For all these I make an act of Thanksgiving this day.

I pass before me the main springs of my heritage:
The fruits of labors of countless generations who lived before me,
Without whom my own life would have no meaning;
The seers who saw visions and dreamed dreams;
The prophets who sensed a truth greater than the mind could grasp
And whose words would only find fulfillment
In the years which they would never see;
The workers whose sweat has watered the trees,
The leaves of which are for the healing of the nations;
The pilgrims who set their sails for lands beyond all horizons,
Whose courage made paths into new worlds and far off places;
The saviors whose blood was shed with a recklessness that only a dream
Could inspire and God could command.
For all this I make an act of Thanksgiving this day.

I linger over the meaning of my own life and the commitment
To which I give the loyalty of my heart and mind:
The little purposes in which I have shared my loves,
My desires, my gifts;
The restlessness which bottoms all I do with its stark insistence
That I have never done my best, I have never dared
To reach for the highest;

The big hope that never quite deserts me, that I and my kind
Will study war no more, that love and tenderness and all the
inner graces of Almighty affection will cover the life of the
children of God as the waters cover the sea.

All these and more than mind can think and heart can feel,
I make as my sacrament of Thanksgiving to Thee,
Our Father, in humbleness of mind and simplicity of heart.

A former neighbor and fellow pastor, Max Coots, had a way of helping us to ‘consider how to stir up one another to love and good works’. Every year, about this time, I remember his poem to that effect.

“Let us give thanks for a bounty of people:
For children who are our second planting, and though they grow like weeds and the wind too soon blows them away, may they forgive us our cultivation and fondly remember where their roots are….
For generous friends with hearts and smiles as bright as their blossoms;
For feisty friends as tart as apples;
For continuous friends, who, like scallions and cucumbers, keep reminding us that we’ve had them;
For crotchety friends, as sour as rhubarb and as indestructible;
For handsome friends, who are as gorgeous as eggplants and as elegant as a row of corn, and the other, plain as potatoes and as good for you;
For funny friends, who are as silly as Brussels Sprouts and as amusing as Jerusalem Artichokes, and serious friends, as complex as cauliflowers and as intricate as onions;
For friends as unpretentious as cabbages, as subtle as summer squash, as persistent as parsley, as delightful as dill, as endless as zucchini, and who, like parsnips, can be counted on to see you through the winter;
For old friends, nodding like sunflowers in the evening-time, and young friends coming on as fast as radishes;
For loving friends, who wind around us like tendrils and hold us, despite our blights, wilts and witherings;
And finally, for those friends now gone, like gardens past that have been harvested, and who fed us in their times that we might have life thereafter;
For all these we give thanks.”

Our very language, our way of speaking, helps us to ‘consider how to stir up one another to love and good works’. The Gospel reminds us that every day is our last, that every day we are called to live the full assurance of faith, to the very best of our ability.
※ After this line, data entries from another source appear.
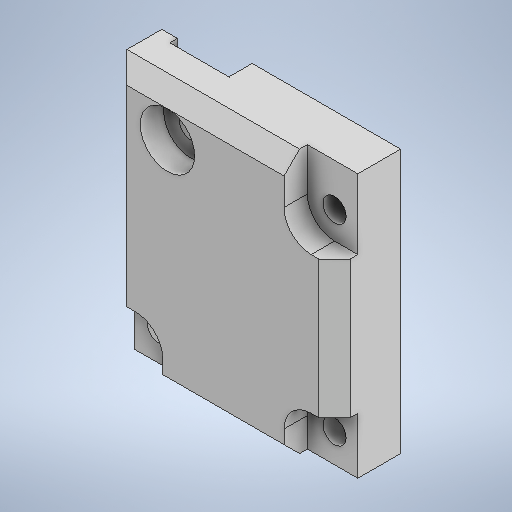
# Autodesk Inventor part: LatchCover
Saved by Autodesk Inventor 2025.1 (Build 291241000, 241)
## iProperties
Created: 2026-05-10
Part Number: LatchCover
Material: Generic
Document SubType Name: Modeling
Designer: User
Density: 1 g/cm^3
Appearance: Default
Author: User
## iProperties of the stored document LatchCover_3DPrint.ipt
Created: 2026-05-12
Part Number: LatchCover_3DPrint
Material: Generic
Document SubType Name: Modeling
Designer: User
Density: 1 g/cm^3
Appearance: Default
Author: User
Autodesk Inventor part; units mm, degrees
ref_plane "YZ Plane" through (0, 0, 0) normal (1, 0, 0) x (0, 1, 0)
ref_plane "XZ Plane" through (0, 0, 0) normal (0, 1, 0) x (-1, 0, 0)
sketch "Sketch1" plane through (0, 0, 0) normal (0, 0, 1) x (1, 0, 0)
  circle A0 centre (13.604, -26.2353) radius 1.6 projected
  line L0 (18.604, -44.1888) -> (15.604, -44.1888) projected
  line L1 (15.604, -44.1888) -> (15.604, -37.1888) projected
  line L2 (15.604, -37.1888) -> (18.604, -37.1888) projected
  line L3 (18.604, -26.2353) -> (18.604, -37.1888) projected
  arc A1 (18.604, -26.2353) -> (8.604, -26.2353) centre (13.604, -26.2353) ccw projected
  line L4 (8.604, -26.2353) -> (8.604, -45.6888) projected
  line L5 (9.104, -46.1888) -> (8.604, -45.6888) projected
  line L6 (9.104, -46.1888) -> (12.604, -46.1888) projected
  line L7 (13.104, -46.6888) -> (12.604, -46.1888) projected
  line L8 (13.104, -46.6888) -> (13.104, -55.1706) projected
  line L9 (12.604, -55.6706) -> (13.104, -55.1706) projected
  line L10 (12.604, -55.6706) -> (3.2048, -55.6706) projected
  line L11 (3.2048, -55.6706) -> (3.2048, -62.5334) projected
  line L12 (3.2048, -62.5334) -> (8.604, -62.5334) projected
  line L13 (8.604, -62.5334) -> (8.604, -81.1802) projected
  line L14 (8.604, -81.1802) -> (9.604, -81.1802) projected
  line L15 (9.604, -62.5334) -> (9.604, -81.1802) projected
  line L16 (9.604, -62.5334) -> (17.604, -62.5334) projected
  line L17 (17.604, -81.1802) -> (17.604, -62.5334) projected
  line L18 (17.604, -81.1802) -> (18.604, -81.1802) projected
  line L19 (18.604, -44.1888) -> (18.604, -81.1802) projected
  line L20 (19.104, -37.6888) -> (16.104, -37.6888)
  line L21 (16.104, -37.6888) -> (16.104, -43.6888)
  line L22 (16.104, -43.6888) -> (19.104, -43.6888)
  line L23 (19.104, -43.6888) -> (19.104, -81.6802)
  line L24 (19.104, -81.6802) -> (17.104, -81.6802)
  line L25 (17.104, -81.6802) -> (17.104, -63.0334)
  line L26 (17.104, -63.0334) -> (10.104, -63.0334)
  line L27 (10.104, -63.0334) -> (10.104, -81.6802)
  line L28 (10.104, -81.6802) -> (8.104, -81.6802)
  line L29 (8.104, -81.6802) -> (8.104, -63.0334)
  line L30 (8.104, -63.0334) -> (2.7048, -63.0334)
  line L31 (2.7048, -63.0334) -> (2.7048, -55.1706)
  line L32 (2.7048, -55.1706) -> (12.3969, -55.1706)
  line L33 (12.3969, -55.1706) -> (12.604, -54.9635)
  line L34 (12.604, -54.9635) -> (12.604, -46.8959)
  line L35 (12.604, -46.8959) -> (12.3969, -46.6888)
  line L36 (12.3969, -46.6888) -> (8.8969, -46.6888)
  line L37 (8.8969, -46.6888) -> (8.104, -45.8959)
  line L38 (8.104, -45.8959) -> (8.104, -26.2353)
  arc A2 (19.104, -26.2353) -> (8.104, -26.2353) centre (13.604, -26.2353) ccw
  line L39 (19.104, -26.2353) -> (19.104, -37.6888)
  line L40 (30.104, -37.6888) -> (30.104, -43.6888)
  line L41 (19.604, -38.1888) -> (16.604, -38.1888)
  line L42 (16.604, -38.1888) -> (16.604, -43.1888)
  line L43 (16.604, -43.1888) -> (19.604, -43.1888)
  line L44 (19.604, -43.1888) -> (19.604, -82.1802)
  line L45 (19.604, -82.1802) -> (16.604, -82.1802)
  line L46 (16.604, -82.1802) -> (16.604, -63.5334)
  line L47 (16.604, -63.5334) -> (10.604, -63.5334)
  line L48 (10.604, -63.5334) -> (10.604, -82.1802)
  line L49 (10.604, -82.1802) -> (7.604, -82.1802)
  line L50 (7.604, -82.1802) -> (7.604, -63.5334)
  line L51 (7.604, -63.5334) -> (2.2048, -63.5334)
  line L52 (2.2048, -63.5334) -> (2.2048, -54.6706)
  line L53 (2.2048, -54.6706) -> (12.104, -54.6706)
  line L54 (12.104, -54.6706) -> (12.104, -47.1888)
  line L55 (12.104, -47.1888) -> (8.6898, -47.1888)
  line L56 (8.6898, -47.1888) -> (7.604, -46.103)
  line L57 (7.604, -46.103) -> (7.604, -26.2353)
  arc A3 (19.604, -26.2353) -> (7.604, -26.2353) centre (13.604, -26.2353) ccw
  line L58 (19.604, -26.2353) -> (19.604, -38.1888)
  circle A4 centre (9.4965, -50.9297) radius 1.5 projected
  line L59 (30.104, -37.6888) -> (35.104, -37.6888)
  line L60 (13.604, -20.7353) -> (35.104, -20.7353)
  line L61 (13.604, -20.7353) -> (35.104, -20.7353) construction
  line L62 (12.104, -54.6706) -> (35.104, -54.6706)
  line L63 (35.104, -54.6706) -> (35.104, -20.7353)
  line L64 (6.389, 0.2) -> (6.389, -55.4706) projected
  line L65 (19.604, -54.6706) -> (25.604, -54.6706)
  line L66 (35.104, -20.7353) -> (32.104, -20.7353)
  line L67 (32.104, -24.7353) -> (32.104, -52.4297)
  line L68 (9.4965, -50.9297) -> (32.104, -50.9297)
  circle A5 centre (32.104, -26.2353) radius 1.5
  circle A6 centre (32.104, -50.9297) radius 1.5
  line L69 (25.604, -54.6706) -> (23.3357, -43.6888)
  line L70 (16.104, -37.6888) -> (19.604, -37.6888)
  line L71 (22.0964, -37.6888) -> (30.104, -37.6888)
  line L72 (30.104, -43.6888) -> (23.3357, -43.6888)
  line L73 (19.604, -43.6888) -> (19.104, -43.6888)
  line L74 (22.0964, -37.6888) -> (19.4799, -25.0216)
  line L75 (18.5946, -20.7353) -> (18.0297, -18.0002)
  line L76 (13.604, -26.2353) -> (19.7306, -26.2353)
  line L77 (30.604, -26.2353) -> (32.104, -26.2353)
  point P0 (0, 0)
  point P1 (16.0019, -20.7353)
  dimension "d10" = 3
  dimension "d0" = 0.5
  dimension "d2" = 14
  dimension "d3" = 0.5
  dimension "d4" = 5
  dimension "d5" = 0
  dimension "d6" = 3.1842
  dimension "d7" = 6
  dimension "d8" = 3
  dimension "d9" = 3
  constraints: 114 end point, 10 point on line, 8 point on circle, 7 perpendicular, 3 centre point, 3 horizontal, 3 tangent, 2 coincident, 2 parallel, 1 collinear, 1 vertical, 1 vertical alignment, 40 other
  measures "d0" distance between parallel lines of L2 L20
  measures "d2" distance of L20.end L40.start
  measures "d3" distance between parallel lines of L39 L58
  measures "d4" distance of L40.start L59.end
  measures "d5" distance between parallel lines of L60 L61
  measures "d6" distance between parallel lines of L11 L64
  measures "d7" distance of L65.start L65.end
  measures "d8" distance of L61.end L66.end
  measures "d9" diameter of A5
extrude "Extrusion1" add sketch "Sketch1" along normal blind 7 contours L69 L72 L40 L59 L67 A6 L68 | L68 A6 L67 L59 L63 L62 L69 | L60 L63 L59 L71 L74 A3
sketch "Sketch2" plane through (0, 0, 7) normal (0, 0, 1) x (1, 0, 0)
  line L0 (25.604, -54.6706) -> (35.104, -54.6706) projected
  line L1 (35.104, -54.6706) -> (35.104, -20.7353) projected
  line L2 (35.104, -20.7353) -> (16.0019, -20.7353) projected
  arc A0 (19.4799, -25.0216) -> (16.0019, -20.7353) centre (13.604, -26.2353) ccw projected
  line L3 (19.4799, -25.0216) -> (22.0964, -37.6888) projected
  line L4 (22.0964, -37.6888) -> (30.104, -37.6888) projected
  line L5 (30.104, -37.6888) -> (30.104, -43.6888) projected
  line L6 (30.104, -43.6888) -> (23.3357, -43.6888) projected
  line L7 (23.3357, -43.6888) -> (25.604, -54.6706) projected
  circle A1 centre (32.104, -50.9297) radius 1.5 projected
  circle A2 centre (32.104, -26.2353) radius 1.5 projected
  circle A3 centre (13.604, -26.2353) radius 1.5 projected
  circle A4 centre (9.4965, -50.9297) radius 1.5 projected
  line L8 (6.389, 0.2) -> (6.389, -55.4706) projected
  line L9 (35.104, -20.7353) -> (6.389, -20.7353)
  line L10 (25.604, -54.6706) -> (35.104, -54.6706) projected
  line L11 (35.104, -54.6706) -> (6.389, -54.6706)
  point P0 (0, 0)
  constraints: 4 end point, 3 point on line, 1 perpendicular
extrude "Extrusion2" add sketch "Sketch2" along normal blind 1.5
sketch "Sketch3" plane through (0, 0, 7) normal (0, 0, -1) x (-1, 0, 0)
  line L0 (-15.604, -37.1888) -> (-15.604, -44.1888) projected
  line L1 (-18.604, -37.1888) -> (-15.604, -37.1888) projected
  line L2 (-15.604, -44.1888) -> (-18.604, -44.1888) projected
  line L3 (-19.4799, -25.0216) -> (-22.0964, -37.6888) projected
  arc A0 (-16.0019, -20.7353) -> (-19.4799, -25.0216) centre (-13.604, -26.2353) ccw projected
  line L4 (-16.0019, -20.7353) -> (-6.389, -20.7353) projected
  line L5 (-6.389, -78.3802) -> (-6.389, 0.2) projected
  line L6 (-6.389, -54.6706) -> (-25.604, -54.6706) projected
  line L7 (-23.3357, -43.6888) -> (-25.604, -54.6706) projected
  line L8 (-15.604, -37.1888) -> (-21.9931, -37.1888)
  line L9 (-15.604, -44.1888) -> (-23.4389, -44.1888)
  circle A1 centre (-13.604, -26.2353) radius 1.5 projected
  circle A2 centre (-9.4965, -50.9297) radius 1.5 projected
  point P0 (0, 0)
  constraints: 4 end point, 3 point on line, 1 horizontal
extrude "Extrusion3" add sketch "Sketch3" along normal blind 4
sketch "Sketch4" plane through (0, 0, 8.5) normal (0, 0, 1) x (1, 0, 0)
  circle A0 centre (32.104, -26.2353) radius 1.5 projected
  circle A1 centre (13.604, -26.2353) radius 1.5 projected
  circle A2 centre (9.4965, -50.9297) radius 1.5 projected
  circle A3 centre (32.104, -50.9297) radius 1.5 projected
  circle A4 centre (32.104, -26.2353) radius 3.5
  circle A5 centre (13.604, -26.2353) radius 3.5
  circle A6 centre (32.104, -50.9297) radius 3.5
  circle A7 centre (9.4965, -50.9297) radius 3.5
  line L0 (35.104, -54.6706) -> (35.104, -20.7353) projected
  line L1 (6.389, -54.6706) -> (35.104, -54.6706) projected
  line L2 (6.5058, -78.3802) -> (6.5058, 0.2)
  line L3 (9.4965, -47.4297) -> (6.5058, -47.4297)
  line L4 (12.9965, -50.9297) -> (12.9965, -54.6706)
  line L5 (28.604, -50.9297) -> (28.604, -54.6706)
  line L6 (32.104, -47.4297) -> (35.104, -47.4297)
  line L7 (35.104, -29.7353) -> (32.104, -29.7353)
  line L8 (28.604, -26.2353) -> (28.604, -20.7353)
  line L9 (35.104, -20.7353) -> (16.0019, -20.7353) projected
  point P0 (0, 0)
  point P1 (6.5058, -54.6706)
  dimension "d17" = 7
  dimension "d18" = 7
  dimension "d19" = 7
  dimension "d20" = 7
  constraints: 14 end point, 8 point on line, 6 point on circle, 4 centre point, 4 coincident, 4 perpendicular, 3 tangent, 1 horizontal, 1 vertical, 2 other
  measures "d17" diameter of A4
  measures "d18" diameter of A5
  measures "d19" diameter of A6
  measures "d20" diameter of A7
extrude "Extrusion4" cut sketch "Sketch4" against normal blind 3 contours A4 L0 | L8 L9 L0 A4 | A4 L0 L7 | A5 | A6 L0 | L6 L0 A6 | A6 L0 L1 L5 | A7 L2 | L4 L1 L2 A7 | A7 L2 L3 picked at (34.604, -26.2353) picked at (34.604, -50.9297) picked at (7.0027, -50.9297)
sketch "Sketch5" plane through (0, 0, 8.5) normal (0, 0, 1) x (1, 0, 0)
  line L0 (6.5058, -54.6706) -> (6.5058, -47.4297) projected
  line L1 (6.389, -54.6706) -> (6.5058, -54.6706) projected
  line L2 (6.389, -20.7353) -> (6.389, -54.6706) projected
  line L3 (6.5058, -54.6706) -> (6.1522, -54.6706)
  line L4 (6.1522, -54.6706) -> (6.1522, -47.4297)
  line L5 (6.1522, -47.4297) -> (6.5058, -47.4297)
  line L6 (6.5058, -47.4297) -> (6.5058, -54.6706)
  point P0 (0, 0)
  constraints: 8 end point, 2 parallel, 1 horizontal, 1 perpendicular
extrude "Extrusion5" cut sketch "Sketch5" against normal up to surface (3 mm away)
chamfer "Chamfer1" distance 2 angle 45 4 edges at (6.389, -34.0825, 8.5) (35.104, -38.5825, 8.5) (17.4965, -20.7353, 8.5) (20.8002, -54.6706, 8.5)
sketch "Sketch6" plane through (0, 0, 3) normal (0, 0, -1) x (-1, 0, 0)
  line L0 (-6.389, -54.6706) -> (-6.389, -20.7353) projected
  line L1 (-6.389, -55.1706) -> (-12.3969, -55.1706) projected
  line L2 (-12.604, -54.9635) -> (-12.3969, -55.1706) projected
  line L3 (-12.604, -46.8959) -> (-12.604, -54.9635) projected
  line L4 (-12.3969, -46.6888) -> (-12.604, -46.8959) projected
  line L5 (-8.404, -46.6888) -> (-12.3969, -46.6888) projected
  line L6 (-8.404, -20.7353) -> (-8.404, -46.6888) projected
  line L7 (-8.404, 3) -> (-8.404, -20.7353) projected
  line L8 (3.1786, 3) -> (-8.404, 3) projected
  line L9 (3.1786, 0.2) -> (3.1786, 3) projected
  line L10 (3.1786, 0.2) -> (-6.389, 0.2) projected
  line L11 (-6.389, 0.2) -> (-6.389, -55.1706) projected
  circle A0 centre (-9.4965, -50.9297) radius 1.5 projected
  line L12 (-6.389, -20.7353) -> (-16.0019, -20.7353) projected
  line L13 (-25.604, -54.6706) -> (-6.389, -54.6706) projected
  point P0 (0, 0)
  point P1 (-12.604, -54.6706)
ref_plane "Work Plane1" through (-23.745, -60.7506, 2.0147) normal (0, 0, 1) x (1, 0, 0)
extrude "Extrusion6" add sketch "Sketch6" along normal up to surface (0.9853 mm away) contours L13 L3 L4 L5 L6 L12 L0
body "Solid1"

We do it with similes, that call us to live with faithful assurance. To live with our utmost faithfulness. To live by encouraging one another, to be…

As bold as…brass
As safe as…a church
As pretty as…a picture
As rich as…Rockefeller
As easy as…pie
As happy as…a lark
As happy as …a clam
As old as…Methusala
As cold as…ice
As neat as…a pin
As tall as… a mountain
As fit as…a fiddle
As pretty as…a picture
As deep as…the ocean
As high as…the sky
As gentle as a lamb

“Let us consider how to stir up one another to love and good works”.

May this be the way our community is know, our church is seen, and our lives are measured. May this be the way we are named, by others.